# Epic Chat Chain by the Numbers

For this analysis, I pulled down the chat history back to February 2017. Parsed it out, and ran some stats.

Inspired by: https://github.com/mskeving/email-analysis

First, parse out the textfile data into a useable format

In [None]:
from datetime import datetime, timedelta
from random import randint
import warnings

import pytz
import pandas as pd
import matplotlib.pyplot as plt


warnings.simplefilter('ignore')
%matplotlib inline

DATE_FORMAT = '%a, %m/%d/%Y'
TIME_FORMAT = '%I:%M %p'
PACIFIC_TIME = pytz.timezone('US/Pacific')
TIME_ZERO = datetime(1900, 1, 1)

with open('[LINE] Chat in Epic Chat Chain.txt', 'r') as f:
    raw_text = f.read()
    
days = raw_text.split('\n\n')

columns = ['timestamp', 'name', 'text']
records = pd.DataFrame()

# days[0] is header

for day in days[1:]:
    lines = day.split('\n')
    first_value_line = 1
    
    try:
        date = datetime.strptime(lines[0], DATE_FORMAT)
    except ValueError:
        # '\n\n' was in text, carry on same day
        first_value_line = 0
    
    for line_int, line in enumerate(lines[first_value_line:]):
    
        try:
            time, name, text = tuple(line.split('\t'))
        except ValueError:
            # if '\n' in text, next line should append to previous
            records.loc[records.index.max(), 'text'] = records.loc[records.index.max(), 'text'] + ' ' + line

            # trying to add milliseconds in case the new line comes in after a double line... 
            # line_int + records.loc[records.index.max(), 'timestamp'].microsecond / 1000

        # adding line_int milliseconds to separate same-minute stamped records
        delta = datetime.strptime(time, TIME_FORMAT) - TIME_ZERO + timedelta(milliseconds=line_int)
        timestamp = PACIFIC_TIME.localize(date + delta)
        new_df = pd.DataFrame(dict(zip(columns, [timestamp, name, text])), index=[0])
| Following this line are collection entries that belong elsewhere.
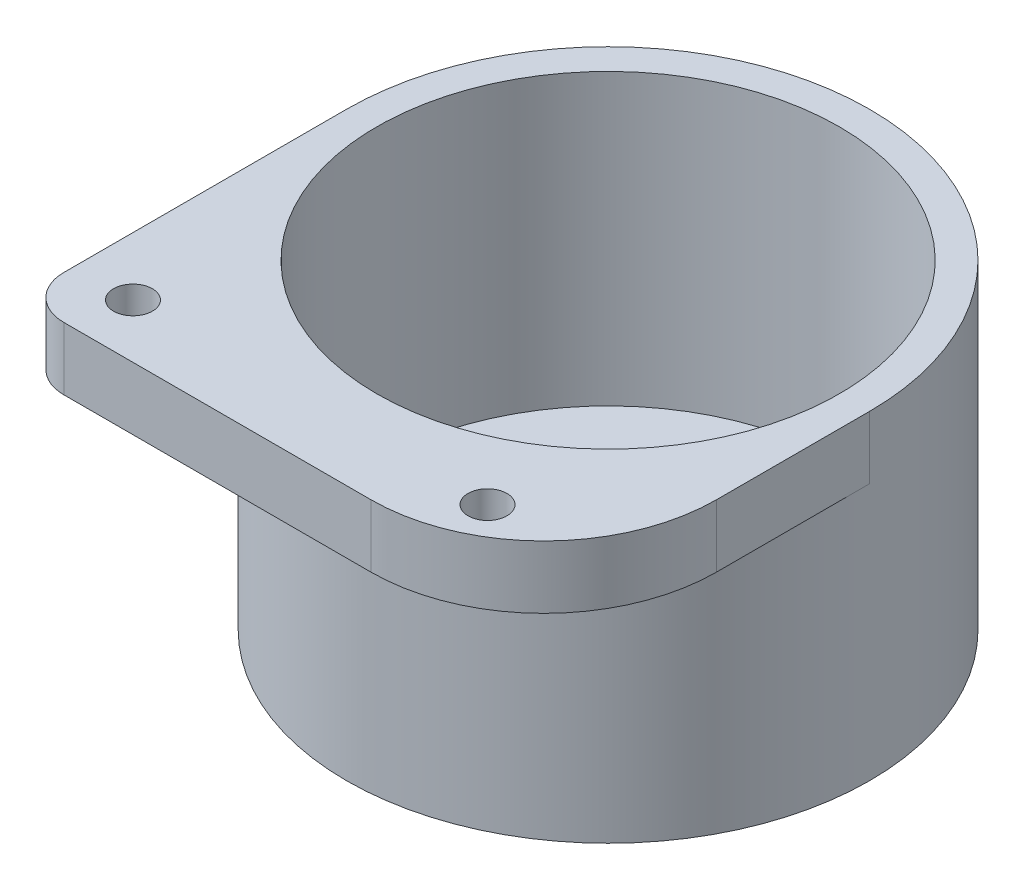
ISO-10303-21;
HEADER;
FILE_DESCRIPTION(('STEP AP214'),'2;1');
FILE_NAME('part.step','',(''),(''),'','','');
FILE_SCHEMA(('AUTOMOTIVE_DESIGN { 1 0 10303 214 1 1 1 1 }'));
ENDSEC;
DATA;
#1=APPLICATION_CONTEXT('core data for automotive mechanical design processes');
#2=APPLICATION_PROTOCOL_DEFINITION('international standard','automotive_design',2000,#1);
#3=PRODUCT_CONTEXT('',#1,'mechanical');
#4=PRODUCT('Part','Part','',(#3));
#5=PRODUCT_RELATED_PRODUCT_CATEGORY('part','',(#4));
#6=PRODUCT_DEFINITION_FORMATION('','',#4);
#7=PRODUCT_DEFINITION_CONTEXT('part definition',#1,'design');
#8=PRODUCT_DEFINITION('design','',#6,#7);
#9=PRODUCT_DEFINITION_SHAPE('','',#8);
#10=(LENGTH_UNIT() NAMED_UNIT(*) SI_UNIT(.MILLI.,.METRE.));
#11=(NAMED_UNIT(*) PLANE_ANGLE_UNIT() SI_UNIT($,.RADIAN.));
#12=(NAMED_UNIT(*) SI_UNIT($,.STERADIAN.) SOLID_ANGLE_UNIT());
#13=UNCERTAINTY_MEASURE_WITH_UNIT(LENGTH_MEASURE(1.E-05),#10,'distance_accuracy_value','');
#14=(GEOMETRIC_REPRESENTATION_CONTEXT(3) GLOBAL_UNCERTAINTY_ASSIGNED_CONTEXT((#13)) GLOBAL_UNIT_ASSIGNED_CONTEXT((#10,
#11,#12)) REPRESENTATION_CONTEXT('',''));
#15=CARTESIAN_POINT('',(0.,0.,0.));
#16=DIRECTION('',(0.,0.,1.));
#17=DIRECTION('',(1.,0.,0.));
#18=AXIS2_PLACEMENT_3D('',#15,#16,#17);
#19=CARTESIAN_POINT('',(0.,7.,0.));
#20=DIRECTION('',(0.,-1.,0.));
#21=DIRECTION('',(0.,0.,-1.));
#22=AXIS2_PLACEMENT_3D('',#19,#20,#21);
#23=CYLINDRICAL_SURFACE('',#22,60.5);
#24=CARTESIAN_POINT('',(0.,0.,0.));
#25=DIRECTION('',(0.,1.,0.));
#26=DIRECTION('',(0.,0.,1.));
#27=AXIS2_PLACEMENT_3D('',#24,#25,#26);
#28=CIRCLE('',#27,60.5);
#29=CARTESIAN_POINT('',(0.,0.,60.5));
#30=VERTEX_POINT('',#29);
#31=EDGE_CURVE('E49',#30,#30,#28,.T.);
#32=ORIENTED_EDGE('',*,*,#31,.T.);
#33=EDGE_LOOP('',(#32));
#34=FACE_BOUND('',#33,.T.);
#35=DIRECTION('',(0.,1.,0.));
#36=VECTOR('',#35,1.);
#37=CARTESIAN_POINT('',(-60.5,59.5,0.));
#38=LINE('',#37,#36);
#39=CARTESIAN_POINT('',(-60.5,59.5,0.));
#40=VERTEX_POINT('',#39);
#41=CARTESIAN_POINT('',(-60.5,74.,0.));
#42=VERTEX_POINT('',#41);
#43=EDGE_CURVE('E115',#40,#42,#38,.T.);
#44=ORIENTED_EDGE('',*,*,#43,.T.);
#45=CARTESIAN_POINT('',(0.,74.,0.));
#46=DIRECTION('',(0.,1.,0.));
#47=DIRECTION('',(0.,0.,1.));
#48=AXIS2_PLACEMENT_3D('',#45,#46,#47);
#49=CIRCLE('',#48,60.5);
#50=CARTESIAN_POINT('',(60.5,74.,0.));
#51=VERTEX_POINT('',#50);
#52=EDGE_CURVE('E189',#51,#42,#49,.T.);
#53=ORIENTED_EDGE('',*,*,#52,.F.);
#54=DIRECTION('',(0.,1.,0.));
#55=VECTOR('',#54,1.);
#56=CARTESIAN_POINT('',(60.5,59.5,0.));
#57=LINE('',#56,#55);
#58=CARTESIAN_POINT('',(60.5,59.5,0.));
#59=VERTEX_POINT('',#58);
#60=EDGE_CURVE('E172',#59,#51,#57,.T.);
#61=ORIENTED_EDGE('',*,*,#60,.F.);
#62=CARTESIAN_POINT('',(0.,59.5,0.));
#63=DIRECTION('',(0.,1.,0.));
#64=DIRECTION('',(0.,0.,1.));
#65=AXIS2_PLACEMENT_3D('',#62,#63,#64);
#66=CIRCLE('',#65,60.5);
#67=EDGE_CURVE('E128',#40,#59,#66,.T.);
#68=ORIENTED_EDGE('',*,*,#67,.F.);
#69=EDGE_LOOP('',(#44,#53,#61,#68));
#70=FACE_BOUND('',#69,.T.);
#71=ADVANCED_FACE('F41',(#34,#70),#23,.T.);
#72=CARTESIAN_POINT('',(0.,0.,0.));
#73=DIRECTION('',(0.,1.,0.));
#74=DIRECTION('',(0.,0.,1.));
#75=AXIS2_PLACEMENT_3D('',#72,#73,#74);
#76=PLANE('',#75);
#77=CARTESIAN_POINT('',(0.,0.,0.));
#78=DIRECTION('',(0.,1.,0.));
#79=DIRECTION('',(0.,0.,1.));
#80=AXIS2_PLACEMENT_3D('',#77,#78,#79);
#81=CIRCLE('',#80,17.75);
#82=CARTESIAN_POINT('',(0.,0.,17.75));
#83=VERTEX_POINT('',#82);
#84=EDGE_CURVE('E181',#83,#83,#81,.T.);
#85=ORIENTED_EDGE('',*,*,#84,.T.);
#86=EDGE_LOOP('',(#85));
#87=FACE_BOUND('',#86,.T.);
#88=ORIENTED_EDGE('',*,*,#31,.F.);
#89=EDGE_LOOP('',(#88));
#90=FACE_BOUND('',#89,.T.);
#91=ADVANCED_FACE('F197',(#87,#90),#76,.F.);
#92=CARTESIAN_POINT('',(0.,74.,0.));
#93=DIRECTION('',(0.,1.,0.));
#94=DIRECTION('',(0.,0.,1.));
#95=AXIS2_PLACEMENT_3D('',#92,#93,#94);
#96=PLANE('',#95);
#97=ORIENTED_EDGE('',*,*,#52,.T.);
#98=DIRECTION('',(0.,0.,1.));
#99=VECTOR('',#98,1.);
#100=CARTESIAN_POINT('',(-60.5,74.,0.));
#101=LINE('',#100,#99);
#102=CARTESIAN_POINT('',(-60.5,74.,65.3879454567716));
#103=VERTEX_POINT('',#102);
#104=EDGE_CURVE('E152',#42,#103,#101,.T.);
#105=ORIENTED_EDGE('',*,*,#104,.T.);
#106=CARTESIAN_POINT('',(-50.5,74.,65.3879454567716));
#107=DIRECTION('',(0.,1.,0.));
#108=DIRECTION('',(0.,0.,1.));
#109=AXIS2_PLACEMENT_3D('',#106,#107,#108);
#110=CIRCLE('',#109,10.);
#111=CARTESIAN_POINT('',(-50.4999999999999,74.,75.3879454567716));
#112=VERTEX_POINT('',#111);
#113=EDGE_CURVE('E109',#103,#112,#110,.T.);
#114=ORIENTED_EDGE('',*,*,#113,.T.);
#115=DIRECTION('',(1.,0.,0.));
#116=VECTOR('',#115,1.);
#117=CARTESIAN_POINT('',(0.,74.,75.3879454567716));
#118=LINE('',#117,#116);
#119=CARTESIAN_POINT('',(20.4999999999997,74.,75.3879454567716));
#120=VERTEX_POINT('',#119);
#121=EDGE_CURVE('E157',#112,#120,#118,.T.);
#122=ORIENTED_EDGE('',*,*,#121,.T.);
#123=CARTESIAN_POINT('',(20.5,74.,35.3879454567716));
#124=DIRECTION('',(0.,1.,0.));
#125=DIRECTION('',(0.,0.,1.));
#126=AXIS2_PLACEMENT_3D('',#123,#124,#125);
#127=CIRCLE('',#126,40.);
#128=CARTESIAN_POINT('',(60.5,74.,35.3879454567713));
#129=VERTEX_POINT('',#128);
#130=EDGE_CURVE('E147',#129,#120,#127,.F.);
#131=ORIENTED_EDGE('',*,*,#130,.F.);
#132=DIRECTION('',(0.,0.,1.));
#133=VECTOR('',#132,1.);
#134=CARTESIAN_POINT('',(60.5,74.,0.));
#135=LINE('',#134,#133);
#136=EDGE_CURVE('E56',#51,#129,#135,.T.);
#137=ORIENTED_EDGE('',*,*,#136,.F.);
#138=EDGE_LOOP('',(#97,#105,#114,#122,#131,#137));
#139=FACE_BOUND('',#138,.T.);
#140=CARTESIAN_POINT('',(0.,74.,0.));
#141=DIRECTION('',(0.,1.,0.));
#142=DIRECTION('',(0.,0.,1.));
#143=AXIS2_PLACEMENT_3D('',#140,#141,#142);
#144=CIRCLE('',#143,53.5);
#145=CARTESIAN_POINT('',(0.,74.,53.5));
#146=VERTEX_POINT('',#145);
#147=EDGE_CURVE('E185',#146,#146,#144,.T.);
#148=ORIENTED_EDGE('',*,*,#147,.F.);
#149=EDGE_LOOP('',(#148));
#150=FACE_BOUND('',#149,.T.);
#151=CARTESIAN_POINT('',(35.,74.,62.8902626069383));
#152=DIRECTION('',(0.,1.,0.));
#153=DIRECTION('',(0.,0.,1.));
#154=AXIS2_PLACEMENT_3D('',#151,#152,#153);
#155=CIRCLE('',#154,4.5);
#156=CARTESIAN_POINT('',(35.,74.,67.3902626069383));
#157=VERTEX_POINT('',#156);
#158=EDGE_CURVE('E143',#157,#157,#155,.T.);
#159=ORIENTED_EDGE('',*,*,#158,.F.);
#160=EDGE_LOOP('',(#159));
#161=FACE_BOUND('',#160,.T.);
#162=CARTESIAN_POINT('',(-47.,74.,62.8902626069383));
#163=DIRECTION('',(0.,1.,0.));
#164=DIRECTION('',(0.,0.,1.));
#165=AXIS2_PLACEMENT_3D('',#162,#163,#164);
#166=CIRCLE('',#165,4.5);
#167=CARTESIAN_POINT('',(-47.,74.,67.3902626069383));
#168=VERTEX_POINT('',#167);
#169=EDGE_CURVE('E161',#168,#168,#166,.T.);
#170=ORIENTED_EDGE('',*,*,#169,.F.);
#171=EDGE_LOOP('',(#170));
#172=FACE_BOUND('',#171,.T.);
#173=ADVANCED_FACE('F199',(#139,#150,#161,#172),#96,.T.);
#174=CARTESIAN_POINT('',(0.,74.,0.));
#175=DIRECTION('',(0.,-1.,0.));
#176=DIRECTION('',(0.,0.,-1.));
#177=AXIS2_PLACEMENT_3D('',#174,#175,#176);
#178=CYLINDRICAL_SURFACE('',#177,53.5);
#179=ORIENTED_EDGE('',*,*,#147,.T.);
#180=EDGE_LOOP('',(#179));
#181=FACE_BOUND('',#180,.T.);
#182=CARTESIAN_POINT('',(0.,7.00000000000001,0.));
#183=DIRECTION('',(0.,1.,0.));
#184=DIRECTION('',(0.,0.,1.));
#185=AXIS2_PLACEMENT_3D('',#182,#183,#184);
#186=CIRCLE('',#185,53.5);
#187=CARTESIAN_POINT('',(0.,7.00000000000001,53.5));
#188=VERTEX_POINT('',#187);
#189=EDGE_CURVE('E11',#188,#188,#186,.F.);
#190=ORIENTED_EDGE('',*,*,#189,.T.);
#191=EDGE_LOOP('',(#190));
#192=FACE_BOUND('',#191,.T.);
#193=ADVANCED_FACE('F205',(#181,#192),#178,.F.);
#194=CARTESIAN_POINT('',(0.,7.,0.));
#195=DIRECTION('',(0.,1.,0.));
#196=DIRECTION('',(0.,0.,1.));
#197=AXIS2_PLACEMENT_3D('',#194,#195,#196);
#198=PLANE('',#197);
#199=CARTESIAN_POINT('',(0.,7.,0.));
#200=DIRECTION('',(0.,1.,0.));
#201=DIRECTION('',(0.,0.,1.));
#202=AXIS2_PLACEMENT_3D('',#199,#200,#201);
#203=CIRCLE('',#202,17.75);
#204=CARTESIAN_POINT('',(0.,7.,17.75));
#205=VERTEX_POINT('',#204);
#206=EDGE_CURVE('E167',#205,#205,#203,.T.);
#207=ORIENTED_EDGE('',*,*,#206,.F.);
#208=EDGE_LOOP('',(#207));
#209=FACE_BOUND('',#208,.T.);
#210=ORIENTED_EDGE('',*,*,#189,.F.);
#211=EDGE_LOOP('',(#210));
#212=FACE_BOUND('',#211,.T.);
#213=ADVANCED_FACE('F208',(#209,#212),#198,.T.);
#214=CARTESIAN_POINT('',(0.,-47.,0.));
#215=DIRECTION('',(0.,1.,0.));
#216=DIRECTION('',(0.,0.,1.));
#217=AXIS2_PLACEMENT_3D('',#214,#215,#216);
#218=CYLINDRICAL_SURFACE('',#217,17.75);
#219=ORIENTED_EDGE('',*,*,#206,.T.);
#220=EDGE_LOOP('',(#219));
#221=FACE_BOUND('',#220,.T.);
#222=ORIENTED_EDGE('',*,*,#84,.F.);
#223=EDGE_LOOP('',(#222));
#224=FACE_BOUND('',#223,.T.);
#225=ADVANCED_FACE('F210',(#221,#224),#218,.F.);
#226=CARTESIAN_POINT('',(20.5,59.5,35.3879454567716));
#227=DIRECTION('',(0.,1.,0.));
#228=DIRECTION('',(0.,0.,1.));
#229=AXIS2_PLACEMENT_3D('',#226,#227,#228);
#230=CYLINDRICAL_SURFACE('',#229,40.);
#231=ORIENTED_EDGE('',*,*,#130,.T.);
#232=DIRECTION('',(0.,1.,0.));
#233=VECTOR('',#232,1.);
#234=CARTESIAN_POINT('',(20.4999999999997,59.5,75.3879454567716));
#235=LINE('',#234,#233);
#236=CARTESIAN_POINT('',(20.4999999999997,59.5,75.3879454567716));
#237=VERTEX_POINT('',#236);
#238=EDGE_CURVE('E88',#237,#120,#235,.T.);
#239=ORIENTED_EDGE('',*,*,#238,.F.);
#240=CARTESIAN_POINT('',(20.5,59.5,35.3879454567716));
#241=DIRECTION('',(0.,1.,0.));
#242=DIRECTION('',(0.,0.,1.));
#243=AXIS2_PLACEMENT_3D('',#240,#241,#242);
#244=CIRCLE('',#243,40.);
#245=CARTESIAN_POINT('',(60.5,59.5,35.3879454567713));
#246=VERTEX_POINT('',#245);
#247=EDGE_CURVE('E65',#246,#237,#244,.F.);
#248=ORIENTED_EDGE('',*,*,#247,.F.);
#249=DIRECTION('',(0.,1.,0.));
#250=VECTOR('',#249,1.);
#251=CARTESIAN_POINT('',(60.5,59.5,35.3879454567713));
#252=LINE('',#251,#250);
#253=EDGE_CURVE('E142',#246,#129,#252,.T.);
#254=ORIENTED_EDGE('',*,*,#253,.T.);
#255=EDGE_LOOP('',(#231,#239,#248,#254));
#256=FACE_BOUND('',#255,.T.);
#257=ADVANCED_FACE('F218',(#256),#230,.T.);
#258=CARTESIAN_POINT('',(0.,59.5,75.3879454567716));
#259=DIRECTION('',(0.,0.,1.));
#260=DIRECTION('',(1.,0.,0.));
#261=AXIS2_PLACEMENT_3D('',#258,#259,#260);
#262=PLANE('',#261);
#263=ORIENTED_EDGE('',*,*,#121,.F.);
#264=DIRECTION('',(0.,1.,0.));
#265=VECTOR('',#264,1.);
#266=CARTESIAN_POINT('',(-50.4999999999999,59.5,75.3879454567716));
#267=LINE('',#266,#265);
#268=CARTESIAN_POINT('',(-50.4999999999999,59.5,75.3879454567716));
#269=VERTEX_POINT('',#268);
#270=EDGE_CURVE('E114',#269,#112,#267,.T.);
#271=ORIENTED_EDGE('',*,*,#270,.F.);
#272=DIRECTION('',(1.,0.,0.));
#273=VECTOR('',#272,1.);
#274=CARTESIAN_POINT('',(0.,59.5,75.3879454567716));
#275=LINE('',#274,#273);
#276=EDGE_CURVE('E122',#269,#237,#275,.T.);
#277=ORIENTED_EDGE('',*,*,#276,.T.);
#278=ORIENTED_EDGE('',*,*,#238,.T.);
#279=EDGE_LOOP('',(#263,#271,#277,#278));
#280=FACE_BOUND('',#279,.T.);
#281=ADVANCED_FACE('F228',(#280),#262,.T.);
#282=CARTESIAN_POINT('',(-50.5,59.5,65.3879454567716));
#283=DIRECTION('',(0.,1.,0.));
#284=DIRECTION('',(0.,0.,1.));
#285=AXIS2_PLACEMENT_3D('',#282,#283,#284);
#286=CYLINDRICAL_SURFACE('',#285,10.);
#287=ORIENTED_EDGE('',*,*,#113,.F.);
#288=DIRECTION('',(0.,1.,0.));
#289=VECTOR('',#288,1.);
#290=CARTESIAN_POINT('',(-60.5,59.5,65.3879454567716));
#291=LINE('',#290,#289);
#292=CARTESIAN_POINT('',(-60.5,59.5,65.3879454567716));
#293=VERTEX_POINT('',#292);
#294=EDGE_CURVE('E104',#293,#103,#291,.T.);
#295=ORIENTED_EDGE('',*,*,#294,.F.);
#296=CARTESIAN_POINT('',(-50.5,59.5,65.3879454567716));
#297=DIRECTION('',(0.,1.,0.));
#298=DIRECTION('',(0.,0.,1.));
#299=AXIS2_PLACEMENT_3D('',#296,#297,#298);
#300=CIRCLE('',#299,10.);
#301=EDGE_CURVE('E107',#293,#269,#300,.T.);
#302=ORIENTED_EDGE('',*,*,#301,.T.);
#303=ORIENTED_EDGE('',*,*,#270,.T.);
#304=EDGE_LOOP('',(#287,#295,#302,#303));
#305=FACE_BOUND('',#304,.T.);
#306=ADVANCED_FACE('F106',(#305),#286,.T.);
#307=CARTESIAN_POINT('',(-60.5,59.5,0.));
#308=DIRECTION('',(-1.,0.,0.));
#309=DIRECTION('',(0.,0.,1.));
#310=AXIS2_PLACEMENT_3D('',#307,#308,#309);
#311=PLANE('',#310);
#312=ORIENTED_EDGE('',*,*,#104,.F.);
#313=ORIENTED_EDGE('',*,*,#43,.F.);
#314=DIRECTION('',(0.,0.,1.));
#315=VECTOR('',#314,1.);
#316=CARTESIAN_POINT('',(-60.5,59.5,0.));
#317=LINE('',#316,#315);
#318=EDGE_CURVE('E120',#40,#293,#317,.T.);
#319=ORIENTED_EDGE('',*,*,#318,.T.);
#320=ORIENTED_EDGE('',*,*,#294,.T.);
#321=EDGE_LOOP('',(#312,#313,#319,#320));
#322=FACE_BOUND('',#321,.T.);
#323=ADVANCED_FACE('F125',(#322),#311,.T.);
#324=CARTESIAN_POINT('',(60.5,59.5,0.));
#325=DIRECTION('',(-1.,0.,0.));
#326=DIRECTION('',(0.,0.,1.));
#327=AXIS2_PLACEMENT_3D('',#324,#325,#326);
#328=PLANE('',#327);
#329=ORIENTED_EDGE('',*,*,#136,.T.);
#330=ORIENTED_EDGE('',*,*,#253,.F.);
#331=DIRECTION('',(0.,0.,1.));
#332=VECTOR('',#331,1.);
#333=CARTESIAN_POINT('',(60.5,59.5,0.));
#334=LINE('',#333,#332);
#335=EDGE_CURVE('E94',#59,#246,#334,.T.);
#336=ORIENTED_EDGE('',*,*,#335,.F.);
#337=ORIENTED_EDGE('',*,*,#60,.T.);
#338=EDGE_LOOP('',(#329,#330,#336,#337));
#339=FACE_BOUND('',#338,.T.);
#340=ADVANCED_FACE('F224',(#339),#328,.F.);
#341=CARTESIAN_POINT('',(35.,59.5,62.8902626069383));
#342=DIRECTION('',(0.,1.,0.));
#343=DIRECTION('',(0.,0.,1.));
#344=AXIS2_PLACEMENT_3D('',#341,#342,#343);
#345=CYLINDRICAL_SURFACE('',#344,4.5);
#346=CARTESIAN_POINT('',(35.,59.5,62.8902626069383));
#347=DIRECTION('',(0.,1.,0.));
#348=DIRECTION('',(0.,0.,1.));
#349=AXIS2_PLACEMENT_3D('',#346,#347,#348);
#350=CIRCLE('',#349,4.5);
#351=CARTESIAN_POINT('',(35.,59.5,67.3902626069383));
#352=VERTEX_POINT('',#351);
#353=EDGE_CURVE('E164',#352,#352,#350,.T.);
#354=ORIENTED_EDGE('',*,*,#353,.F.);
#355=EDGE_LOOP('',(#354));
#356=FACE_BOUND('',#355,.T.);
#357=ORIENTED_EDGE('',*,*,#158,.T.);
#358=EDGE_LOOP('',(#357));
#359=FACE_BOUND('',#358,.T.);
#360=ADVANCED_FACE('F220',(#356,#359),#345,.F.);
#361=CARTESIAN_POINT('',(-47.,59.5,62.8902626069383));
#362=DIRECTION('',(0.,1.,0.));
#363=DIRECTION('',(0.,0.,1.));
#364=AXIS2_PLACEMENT_3D('',#361,#362,#363);
#365=CYLINDRICAL_SURFACE('',#364,4.5);
#366=CARTESIAN_POINT('',(-47.,59.5,62.8902626069383));
#367=DIRECTION('',(0.,1.,0.));
#368=DIRECTION('',(0.,0.,1.));
#369=AXIS2_PLACEMENT_3D('',#366,#367,#368);
#370=CIRCLE('',#369,4.5);
#371=CARTESIAN_POINT('',(-47.,59.5,67.3902626069383));
#372=VERTEX_POINT('',#371);
#373=EDGE_CURVE('E138',#372,#372,#370,.T.);
#374=ORIENTED_EDGE('',*,*,#373,.F.);
#375=EDGE_LOOP('',(#374));
#376=FACE_BOUND('',#375,.T.);
#377=ORIENTED_EDGE('',*,*,#169,.T.);
#378=EDGE_LOOP('',(#377));
#379=FACE_BOUND('',#378,.T.);
#380=ADVANCED_FACE('F223',(#376,#379),#365,.F.);
#381=CARTESIAN_POINT('',(0.,59.5,0.));
#382=DIRECTION('',(0.,1.,0.));
#383=DIRECTION('',(0.,0.,1.));
#384=AXIS2_PLACEMENT_3D('',#381,#382,#383);
#385=PLANE('',#384);
#386=ORIENTED_EDGE('',*,*,#353,.T.);
#387=EDGE_LOOP('',(#386));
#388=FACE_BOUND('',#387,.T.);
#389=ORIENTED_EDGE('',*,*,#247,.T.);
#390=ORIENTED_EDGE('',*,*,#276,.F.);
#391=ORIENTED_EDGE('',*,*,#301,.F.);
#392=ORIENTED_EDGE('',*,*,#318,.F.);
#393=ORIENTED_EDGE('',*,*,#67,.T.);
#394=ORIENTED_EDGE('',*,*,#335,.T.);
#395=EDGE_LOOP('',(#389,#390,#391,#392,#393,#394));
#396=FACE_BOUND('',#395,.T.);
#397=ORIENTED_EDGE('',*,*,#373,.T.);
#398=EDGE_LOOP('',(#397));
#399=FACE_BOUND('',#398,.T.);
#400=ADVANCED_FACE('F118',(#388,#396,#399),#385,.F.);
#401=CLOSED_SHELL('',(#71,#91,#173,#193,#213,#225,#257,#281,#306,#323,#340,#360,#380,#400));
#402=MANIFOLD_SOLID_BREP('B2',#401);
#403=ADVANCED_BREP_SHAPE_REPRESENTATION('',(#18,#402),#14);
#404=SHAPE_DEFINITION_REPRESENTATION(#9,#403);
ENDSEC;
END-ISO-10303-21;

        records = pd.concat([records, new_df], ignore_index=True)
    
records = records.set_index('timestamp')
records['timestamp'] = records.index

### Who's the chattiest

In [None]:
count = records.groupby('name')['timestamp'].agg('count')  

fig = plt.figure(figsize=(16, 3))
ax = fig.add_subplot(111)

ax.bar(x=count.index, height=count.values, width=0.5)
ax.set_xticklabels(labels=count.index, rotation=80, ha='right')

fig.canvas.draw()

## Who's the rooster?

In [None]:
# assume day starts at 5am
adjusted_times = records['timestamp'] + pd.Timedelta(-5, unit='h')
first_times = adjusted_times.groupby(records.index.date).min().values + pd.Timedelta(5, unit='h')
first_messages = records.loc[first_times]
first_count = first_messages.groupby('name')['timestamp'].count()
sorted_first_count = first_count.sort_values(ascending=False)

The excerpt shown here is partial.